My anxiousness cannot be contained. For weeks, I have not heard from him. The rider did not return, and every day I fight a menacing urge that he never made it to my husband. The castle continues to function without him, and it bothers me so. I am nauseous at the thoughts that plague my mind. Greer is concerned for my health, seeing the dark circles and hallowed cheeks. She questions me incessantly about whether I have slept or eaten. Who can do either when he is my main concern? What does my health matter if his is not well? Catherine has already told me twice today to stop fidgeting, straighten up, that I must behave as a queen. I had thought once that I could be a queen for Scotland alone, fierce and strong, but now I know without Francis my title will mean nothing. Beneath my brave face, I am weak without him.
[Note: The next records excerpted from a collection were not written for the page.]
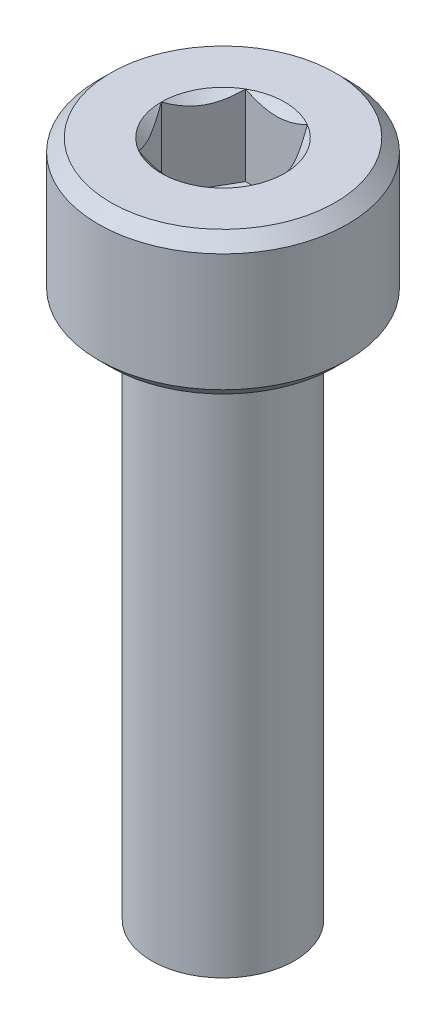
ISO-10303-21;
HEADER;
FILE_DESCRIPTION(('STEP AP214'),'2;1');
FILE_NAME('part.step','',(''),(''),'','','');
FILE_SCHEMA(('AUTOMOTIVE_DESIGN { 1 0 10303 214 1 1 1 1 }'));
ENDSEC;
DATA;
#1=APPLICATION_CONTEXT('core data for automotive mechanical design processes');
#2=APPLICATION_PROTOCOL_DEFINITION('international standard','automotive_design',2000,#1);
#3=PRODUCT_CONTEXT('',#1,'mechanical');
#4=PRODUCT('Part','Part','',(#3));
#5=PRODUCT_RELATED_PRODUCT_CATEGORY('part','',(#4));
#6=PRODUCT_DEFINITION_FORMATION('','',#4);
#7=PRODUCT_DEFINITION_CONTEXT('part definition',#1,'design');
#8=PRODUCT_DEFINITION('design','',#6,#7);
#9=PRODUCT_DEFINITION_SHAPE('','',#8);
#10=(LENGTH_UNIT() NAMED_UNIT(*) SI_UNIT(.MILLI.,.METRE.));
#11=(NAMED_UNIT(*) PLANE_ANGLE_UNIT() SI_UNIT($,.RADIAN.));
#12=(NAMED_UNIT(*) SI_UNIT($,.STERADIAN.) SOLID_ANGLE_UNIT());
#13=UNCERTAINTY_MEASURE_WITH_UNIT(LENGTH_MEASURE(1.E-05),#10,'distance_accuracy_value','');
#14=(GEOMETRIC_REPRESENTATION_CONTEXT(3) GLOBAL_UNCERTAINTY_ASSIGNED_CONTEXT((#13)) GLOBAL_UNIT_ASSIGNED_CONTEXT((#10,
#11,#12)) REPRESENTATION_CONTEXT('',''));
#15=CARTESIAN_POINT('',(0.,0.,0.));
#16=DIRECTION('',(0.,0.,1.));
#17=DIRECTION('',(1.,0.,0.));
#18=AXIS2_PLACEMENT_3D('',#15,#16,#17);
#19=CARTESIAN_POINT('',(0.,4.,0.));
#20=DIRECTION('',(0.,-1.,0.));
#21=DIRECTION('',(0.,0.,-1.));
#22=AXIS2_PLACEMENT_3D('',#19,#20,#21);
#23=CYLINDRICAL_SURFACE('',#22,3.5);
#24=CARTESIAN_POINT('',(0.,0.350000000000001,0.));
#25=DIRECTION('',(0.,1.,0.));
#26=DIRECTION('',(0.,0.,1.));
#27=AXIS2_PLACEMENT_3D('',#24,#25,#26);
#28=CIRCLE('',#27,3.5);
#29=CARTESIAN_POINT('',(0.,0.350000000000001,3.5));
#30=VERTEX_POINT('',#29);
#31=EDGE_CURVE('E229',#30,#30,#28,.T.);
#32=ORIENTED_EDGE('',*,*,#31,.T.);
#33=EDGE_LOOP('',(#32));
#34=FACE_BOUND('',#33,.T.);
#35=CARTESIAN_POINT('',(0.,3.65,0.));
#36=DIRECTION('',(0.,1.,0.));
#37=DIRECTION('',(0.,0.,1.));
#38=AXIS2_PLACEMENT_3D('',#35,#36,#37);
#39=CIRCLE('',#38,3.5);
#40=CARTESIAN_POINT('',(0.,3.65,3.5));
#41=VERTEX_POINT('',#40);
#42=EDGE_CURVE('E106',#41,#41,#39,.F.);
#43=ORIENTED_EDGE('',*,*,#42,.T.);
#44=EDGE_LOOP('',(#43));
#45=FACE_BOUND('',#44,.T.);
#46=ADVANCED_FACE('F34',(#34,#45),#23,.T.);
#47=CARTESIAN_POINT('',(0.,4.,0.));
#48=DIRECTION('',(0.,1.,0.));
#49=DIRECTION('',(0.,0.,1.));
#50=AXIS2_PLACEMENT_3D('',#47,#48,#49);
#51=PLANE('',#50);
#52=CARTESIAN_POINT('',(0.,4.,0.));
#53=DIRECTION('',(0.,1.,0.));
#54=DIRECTION('',(0.,0.,1.));
#55=AXIS2_PLACEMENT_3D('',#52,#53,#54);
#56=CIRCLE('',#55,3.15);
#57=CARTESIAN_POINT('',(0.,4.,3.15));
#58=VERTEX_POINT('',#57);
#59=EDGE_CURVE('E38',#58,#58,#56,.T.);
#60=ORIENTED_EDGE('',*,*,#59,.T.);
#61=EDGE_LOOP('',(#60));
#62=FACE_BOUND('',#61,.T.);
#63=CARTESIAN_POINT('',(0.,4.,0.));
#64=DIRECTION('',(0.,1.,0.));
#65=DIRECTION('',(0.,0.,1.));
#66=AXIS2_PLACEMENT_3D('',#63,#64,#65);
#67=CIRCLE('',#66,1.73205080756888);
#68=CARTESIAN_POINT('',(0.866025403784438,4.,1.5));
#69=VERTEX_POINT('',#68);
#70=CARTESIAN_POINT('',(1.73205080756888,4.,0.));
#71=VERTEX_POINT('',#70);
#72=EDGE_CURVE('E49',#69,#71,#67,.T.);
#73=ORIENTED_EDGE('',*,*,#72,.F.);
#74=CARTESIAN_POINT('',(-0.866025403784438,4.,1.5));
#75=VERTEX_POINT('',#74);
#76=EDGE_CURVE('E56',#75,#69,#67,.T.);
#77=ORIENTED_EDGE('',*,*,#76,.F.);
#78=CARTESIAN_POINT('',(-1.73205080756888,4.,0.));
#79=VERTEX_POINT('',#78);
#80=EDGE_CURVE('E129',#79,#75,#67,.T.);
#81=ORIENTED_EDGE('',*,*,#80,.F.);
#82=CARTESIAN_POINT('',(-0.866025403784439,4.,-1.5));
#83=VERTEX_POINT('',#82);
#84=EDGE_CURVE('E128',#83,#79,#67,.T.);
#85=ORIENTED_EDGE('',*,*,#84,.F.);
#86=CARTESIAN_POINT('',(0.866025403784438,4.,-1.5));
#87=VERTEX_POINT('',#86);
#88=EDGE_CURVE('E96',#87,#83,#67,.T.);
#89=ORIENTED_EDGE('',*,*,#88,.F.);
#90=EDGE_CURVE('E88',#71,#87,#67,.T.);
#91=ORIENTED_EDGE('',*,*,#90,.F.);
#92=EDGE_LOOP('',(#73,#77,#81,#85,#89,#91));
#93=FACE_BOUND('',#92,.T.);
#94=ADVANCED_FACE('F126',(#62,#93),#51,.T.);
#95=CARTESIAN_POINT('',(0.,0.,0.));
#96=DIRECTION('',(0.,1.,0.));
#97=DIRECTION('',(0.,0.,1.));
#98=AXIS2_PLACEMENT_3D('',#95,#96,#97);
#99=PLANE('',#98);
#100=CARTESIAN_POINT('',(0.,0.,0.));
#101=DIRECTION('',(0.,-1.,0.));
#102=DIRECTION('',(0.,0.,-1.));
#103=AXIS2_PLACEMENT_3D('',#100,#101,#102);
#104=CIRCLE('',#103,2.);
#105=CARTESIAN_POINT('',(0.,0.,-2.));
#106=VERTEX_POINT('',#105);
#107=EDGE_CURVE('E11',#106,#106,#104,.T.);
#108=ORIENTED_EDGE('',*,*,#107,.F.);
#109=EDGE_LOOP('',(#108));
#110=FACE_BOUND('',#109,.T.);
#111=CARTESIAN_POINT('',(0.,0.,0.));
#112=DIRECTION('',(0.,1.,0.));
#113=DIRECTION('',(0.,0.,1.));
#114=AXIS2_PLACEMENT_3D('',#111,#112,#113);
#115=CIRCLE('',#114,3.15);
#116=CARTESIAN_POINT('',(0.,0.,3.15));
#117=VERTEX_POINT('',#116);
#118=EDGE_CURVE('E227',#117,#117,#115,.F.);
#119=ORIENTED_EDGE('',*,*,#118,.T.);
#120=EDGE_LOOP('',(#119));
#121=FACE_BOUND('',#120,.T.);
#122=ADVANCED_FACE('F210',(#110,#121),#99,.F.);
#123=CARTESIAN_POINT('',(0.,4.,0.));
#124=DIRECTION('',(0.,1.,0.));
#125=DIRECTION('',(0.,0.,1.));
#126=AXIS2_PLACEMENT_3D('',#123,#124,#125);
#127=CONICAL_SURFACE('',#126,1.73205080756888,0.78539816339745);
#128=ORIENTED_EDGE('',*,*,#88,.T.);
#129=CARTESIAN_POINT('',(-1.72720812969692,4.55557851627079,-1.5));
#130=CARTESIAN_POINT('',(-1.68515175699268,4.52382990785743,-1.5));
#131=CARTESIAN_POINT('',(-1.64286104748673,4.49239259380738,-1.5));
#132=CARTESIAN_POINT('',(-1.55771581035942,4.43026908755641,-1.5));
#133=CARTESIAN_POINT('',(-1.51486114386668,4.3995830858922,-1.5));
#134=CARTESIAN_POINT('',(-1.3846813415127,4.30840719242716,-1.5));
#135=CARTESIAN_POINT('',(-1.29637976071654,4.24928834342677,-1.5));
#136=CARTESIAN_POINT('',(-1.11121478730467,4.1332309963165,-1.5));
#137=CARTESIAN_POINT('',(-1.01415038238167,4.07660955873301,-1.5));
#138=CARTESIAN_POINT('',(-0.815173408897606,3.97303688126565,-1.5));
#139=CARTESIAN_POINT('',(-0.713278669253285,3.92605304154167,-1.5));
#140=CARTESIAN_POINT('',(-0.560333774943112,3.86857266843083,-1.5));
#141=CARTESIAN_POINT('',(-0.511547982948042,3.85207538775725,-1.5));
#142=CARTESIAN_POINT('',(-0.412798620136866,3.822997512927,-1.5));
#143=CARTESIAN_POINT('',(-0.362834968437563,3.81041718859402,-1.5));
#144=CARTESIAN_POINT('',(-0.262863235444982,3.79003619414677,-1.5));
#145=CARTESIAN_POINT('',(-0.212872113808023,3.78215363274598,-1.5));
#146=CARTESIAN_POINT('',(-0.112355243569545,3.771322063969,-1.5));
#147=CARTESIAN_POINT('',(-0.0618295883726279,3.76837220852435,-1.5));
#148=CARTESIAN_POINT('',(0.037429173332384,3.76762485772485,-1.5));
#149=CARTESIAN_POINT('',(0.0861609672002989,3.76964473355808,-1.5));
#150=CARTESIAN_POINT('',(0.183206937768827,3.77832255289676,-1.5));
#151=CARTESIAN_POINT('',(0.231521073438269,3.78498094696846,-1.5));
#152=CARTESIAN_POINT('',(0.328199853425436,3.80268524412257,-1.5));
#153=CARTESIAN_POINT('',(0.376550616310328,3.81380581125704,-1.5));
#154=CARTESIAN_POINT('',(0.472195697125598,3.83984341404871,-1.5));
#155=CARTESIAN_POINT('',(0.51949010309274,3.85476013204094,-1.5));
#156=CARTESIAN_POINT('',(0.668391282696624,3.90733522359607,-1.5));
#157=CARTESIAN_POINT('',(0.767878709508552,3.95098128747198,-1.5));
#158=CARTESIAN_POINT('',(0.962179866690724,4.0480229945931,-1.5));
#159=CARTESIAN_POINT('',(1.05697519961444,4.10145366508953,-1.5));
#160=CARTESIAN_POINT('',(1.23814273533383,4.21168585200456,-1.5));
#161=CARTESIAN_POINT('',(1.3246994218129,4.2681879206986,-1.5));
#162=CARTESIAN_POINT('',(1.45222331290673,4.35553430157866,-1.5));
#163=CARTESIAN_POINT('',(1.49418091978756,4.38495775868004,-1.5));
#164=CARTESIAN_POINT('',(1.57752272931476,4.44458282183046,-1.5));
#165=CARTESIAN_POINT('',(1.61890708647354,4.47478421166444,-1.5));
#166=CARTESIAN_POINT('',(1.66005278019494,4.50530817860946,-1.5));
#167=B_SPLINE_CURVE_WITH_KNOTS('',3,(#129,#130,#131,#132,#133,#134,#135,#136,#137,#138,#139,
#140,#141,#142,#143,#144,#145,#146,#147,#148,#149,#150,#151,#152,#153,#154,#155,#156,#157,#158,
#159,#160,#161,#162,#163,#164,#165,#166),.UNSPECIFIED.,.F.,.F.,(4,2,2,2,2,2,2,2,2,2,2,2,2,2,2,2,
2,2,4),(0.,0.158079548982669,0.316198780993942,0.634850417346958,0.971690311361509,
1.30737131660667,1.46173961127089,1.61611853740677,1.76772101421409,1.91929742368538,
2.065387412096,2.21149159305544,2.36014984633872,2.50879566386709,2.83376031422673,
3.15991186985652,3.46985601802197,3.62358896039974,3.7772796264207),.UNSPECIFIED.);
#168=EDGE_CURVE('E101',#87,#83,#167,.F.);
#169=ORIENTED_EDGE('',*,*,#168,.F.);
#170=EDGE_LOOP('',(#128,#169));
#171=FACE_BOUND('',#170,.T.);
#172=ADVANCED_FACE('F102',(#171),#127,.F.);
#173=ORIENTED_EDGE('',*,*,#84,.T.);
#174=CARTESIAN_POINT('',(-0.865909933730601,4.00011548160007,-1.5002));
#175=CARTESIAN_POINT('',(-0.895682611594166,3.97036547606733,-1.44863220926292));
#176=CARTESIAN_POINT('',(-0.925953159489765,3.94236248391031,-1.3962020823348));
#177=CARTESIAN_POINT('',(-0.987678321317123,3.89108923044014,-1.2892909659444));
#178=CARTESIAN_POINT('',(-1.01913880822717,3.86784750504437,-1.23479980418534));
#179=CARTESIAN_POINT('',(-1.08257741237344,3.82803372899222,-1.12492091864275));
#180=CARTESIAN_POINT('',(-1.11453936608521,3.8113615856709,-1.0695611909048));
#181=CARTESIAN_POINT('',(-1.1791670593912,3.7856744568181,-0.957622742522849));
#182=CARTESIAN_POINT('',(-1.21183082354213,3.77664029047887,-0.901047443446992));
#183=CARTESIAN_POINT('',(-1.26812411040032,3.76848908122685,-0.803544610483559));
#184=CARTESIAN_POINT('',(-1.29168087824208,3.76728225298922,-0.762743091719534));
#185=CARTESIAN_POINT('',(-1.33875285845138,3.76931405716227,-0.681212030384142));
#186=CARTESIAN_POINT('',(-1.36226806050018,3.77255367074831,-0.64048250568537));
#187=CARTESIAN_POINT('',(-1.40907206156905,3.78329198598196,-0.559415597836584));
#188=CARTESIAN_POINT('',(-1.43236062923612,3.79079465301873,-0.519078615401712));
#189=CARTESIAN_POINT('',(-1.47854689118996,3.80965161192829,-0.439081663085969));
#190=CARTESIAN_POINT('',(-1.50144441326545,3.82100755701858,-0.399421991483792));
#191=CARTESIAN_POINT('',(-1.56009461325633,3.85472164759267,-0.297836865225515));
#192=CARTESIAN_POINT('',(-1.59548353987866,3.87962184909337,-0.236541446290311));
#193=CARTESIAN_POINT('',(-1.64751843074894,3.92165665327158,-0.146414371536686));
#194=CARTESIAN_POINT('',(-1.66466545167617,3.9364251535591,-0.116714860092282));
#195=CARTESIAN_POINT('',(-1.69864410935691,3.96731056594017,-0.0578620986162487));
#196=CARTESIAN_POINT('',(-1.71547589206761,3.98342683412171,-0.0287085957793624));
#197=CARTESIAN_POINT('',(-1.73216627762272,4.00011548160007,0.00020000000000028));
#198=B_SPLINE_CURVE_WITH_KNOTS('',3,(#174,#175,#176,#177,#178,#179,#180,#181,#182,#183,#184,
#185,#186,#187,#188,#189,#190,#191,#192,#193,#194,#195,#196,#197),.UNSPECIFIED.,.F.,.F.,(4,2,2,
2,2,2,2,2,2,2,2,4),(0.,0.199829143693304,0.400822987382388,0.598623720538181,0.795926240188889,
0.937113067959881,1.07833105577193,1.21968061668222,1.36109089931054,1.58570969637565,
1.69770705470964,1.80965120737194),.UNSPECIFIED.);
#199=EDGE_CURVE('E131',#83,#79,#198,.T.);
#200=ORIENTED_EDGE('',*,*,#199,.F.);
#201=EDGE_LOOP('',(#173,#200));
#202=FACE_BOUND('',#201,.T.);
#203=ADVANCED_FACE('F242',(#202),#127,.F.);
#204=ORIENTED_EDGE('',*,*,#80,.T.);
#205=CARTESIAN_POINT('',(-1.73216627762272,4.00011548160007,-0.000199999999999694));
#206=CARTESIAN_POINT('',(-1.70239359975915,3.97036547606733,0.051367790737076));
#207=CARTESIAN_POINT('',(-1.67212305186355,3.94236248391031,0.103797917665201));
#208=CARTESIAN_POINT('',(-1.61039789003619,3.89108923044014,0.210709034055597));
#209=CARTESIAN_POINT('',(-1.57893740312614,3.86784750504437,0.265200195814662));
#210=CARTESIAN_POINT('',(-1.51549879897987,3.82803372899222,0.375079081357249));
#211=CARTESIAN_POINT('',(-1.4835368452681,3.8113615856709,0.4304388090952));
#212=CARTESIAN_POINT('',(-1.41890915196211,3.7856744568181,0.542377257477151));
#213=CARTESIAN_POINT('',(-1.38624538781118,3.77664029047887,0.598952556553009));
#214=CARTESIAN_POINT('',(-1.32995210095299,3.76848908122685,0.696455389516441));
#215=CARTESIAN_POINT('',(-1.30639533311124,3.76728225298922,0.737256908280466));
#216=CARTESIAN_POINT('',(-1.25932335290193,3.76931405716227,0.818787969615858));
#217=CARTESIAN_POINT('',(-1.23580815085313,3.77255367074831,0.85951749431463));
#218=CARTESIAN_POINT('',(-1.18900414978427,3.78329198598196,0.940584402163416));
#219=CARTESIAN_POINT('',(-1.1657155821172,3.79079465301873,0.980921384598288));
#220=CARTESIAN_POINT('',(-1.11952932016335,3.80965161192829,1.06091833691403));
#221=CARTESIAN_POINT('',(-1.09663179808786,3.82100755701859,1.10057800851621));
#222=CARTESIAN_POINT('',(-1.03798159809698,3.85472164759267,1.20216313477448));
#223=CARTESIAN_POINT('',(-1.00259267147465,3.87962184909337,1.26345855370969));
#224=CARTESIAN_POINT('',(-0.950557780604375,3.92165665327158,1.35358562846331));
#225=CARTESIAN_POINT('',(-0.933410759677147,3.9364251535591,1.38328513990772));
#226=CARTESIAN_POINT('',(-0.899432101996407,3.96731056594017,1.44213790138375));
#227=CARTESIAN_POINT('',(-0.88260031928571,3.98342683412171,1.47129140422064));
#228=CARTESIAN_POINT('',(-0.865909933730601,4.00011548160007,1.5002));
#229=B_SPLINE_CURVE_WITH_KNOTS('',3,(#205,#206,#207,#208,#209,#210,#211,#212,#213,#214,#215,
#216,#217,#218,#219,#220,#221,#222,#223,#224,#225,#226,#227,#228),.UNSPECIFIED.,.F.,.F.,(4,2,2,
2,2,2,2,2,2,2,2,4),(0.,0.199829143693305,0.400822987382389,0.598623720538181,0.795926240188889,
0.937113067959881,1.07833105577193,1.21968061668222,1.36109089931054,1.58570969637565,
1.69770705470964,1.80965120737194),.UNSPECIFIED.);
#230=EDGE_CURVE('E141',#79,#75,#229,.T.);
#231=ORIENTED_EDGE('',*,*,#230,.F.);
#232=EDGE_LOOP('',(#204,#231));
#233=FACE_BOUND('',#232,.T.);
#234=ADVANCED_FACE('F258',(#233),#127,.F.);
#235=ORIENTED_EDGE('',*,*,#76,.T.);
#236=CARTESIAN_POINT('',(-1.72720812994822,4.55557851646053,1.5));
#237=CARTESIAN_POINT('',(-1.68515175723693,4.52382990803985,1.5));
#238=CARTESIAN_POINT('',(-1.64286104772391,4.49239259398251,1.5));
#239=CARTESIAN_POINT('',(-1.55771581058238,4.43026908771699,1.5));
#240=CARTESIAN_POINT('',(-1.51486114408249,4.39958308604553,1.5));
#241=CARTESIAN_POINT('',(-1.38468134170665,4.30840719255859,1.5));
#242=CARTESIAN_POINT('',(-1.29637976089561,4.24928834354366,1.5));
#243=CARTESIAN_POINT('',(-1.11121478745132,4.13323099640349,1.5));
#244=CARTESIAN_POINT('',(-1.01415038251067,4.07660955880473,1.5));
#245=CARTESIAN_POINT('',(-0.815173408989814,3.9730368813091,1.5));
#246=CARTESIAN_POINT('',(-0.71327866932636,3.92605304157206,1.5));
#247=CARTESIAN_POINT('',(-0.56033377500179,3.86857266845154,1.5));
#248=CARTESIAN_POINT('',(-0.511547983012749,3.85207538777834,1.5));
#249=CARTESIAN_POINT('',(-0.412798620213828,3.82299751294763,1.5));
#250=CARTESIAN_POINT('',(-0.362834968520751,3.8104171886138,1.5));
#251=CARTESIAN_POINT('',(-0.262863235540417,3.79003619416346,1.5));
#252=CARTESIAN_POINT('',(-0.212872113909475,3.78215363276045,1.5));
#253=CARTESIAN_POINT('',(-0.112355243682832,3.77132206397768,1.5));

Decisions must continue to be made, contracts and agreements signed for my country. I must wait. When the knock at my door sounds, my mind is already focused on something else. But it is a letter that lies in the hand of my servant, one with the scant seal of a prince. I whisper a thank you, and quickly close the door. My fingers trace over the markings in the little bit of wax, and I smile gratefully. Where could he have found wax? A part of me resists opening it, for fear that it is someone else's words and not his. I find my body sitting down on the chaise and sliding my fingers under the seal. My breath halts, and I immediately recognize his lettering.

My Darling Mary,

Your letter provided a comfort I didn't know was possible. If only I could hear those same words slip from your lips instead of read them. Your lips: the soft security of home. I miss them. I miss being able to kiss them. My dreams are only and all of you.

To hear of your worrying has not plagued me. I know you will worry for my safety. But I promise I am safe. In my actions, although for France, I think of you. You are the reason I will win this war. It is our love, the unity of our souls that drives my strength.

When you are awake at night go to our window. View the moon in her bright glory. She is the same moon to which I sleep under. The same stars blanket us both. The distance will not be so far if you remember we see the same night sky. I will win this war, and I will come back to you.

Just as you are mine, I am yours, always.

Francis

Neither my heart, nor my tears can conceal the joy of his letter. The words on this paper confirm his existence and his love for me. I am renewed and strengthened. Together we are victorious in any battle.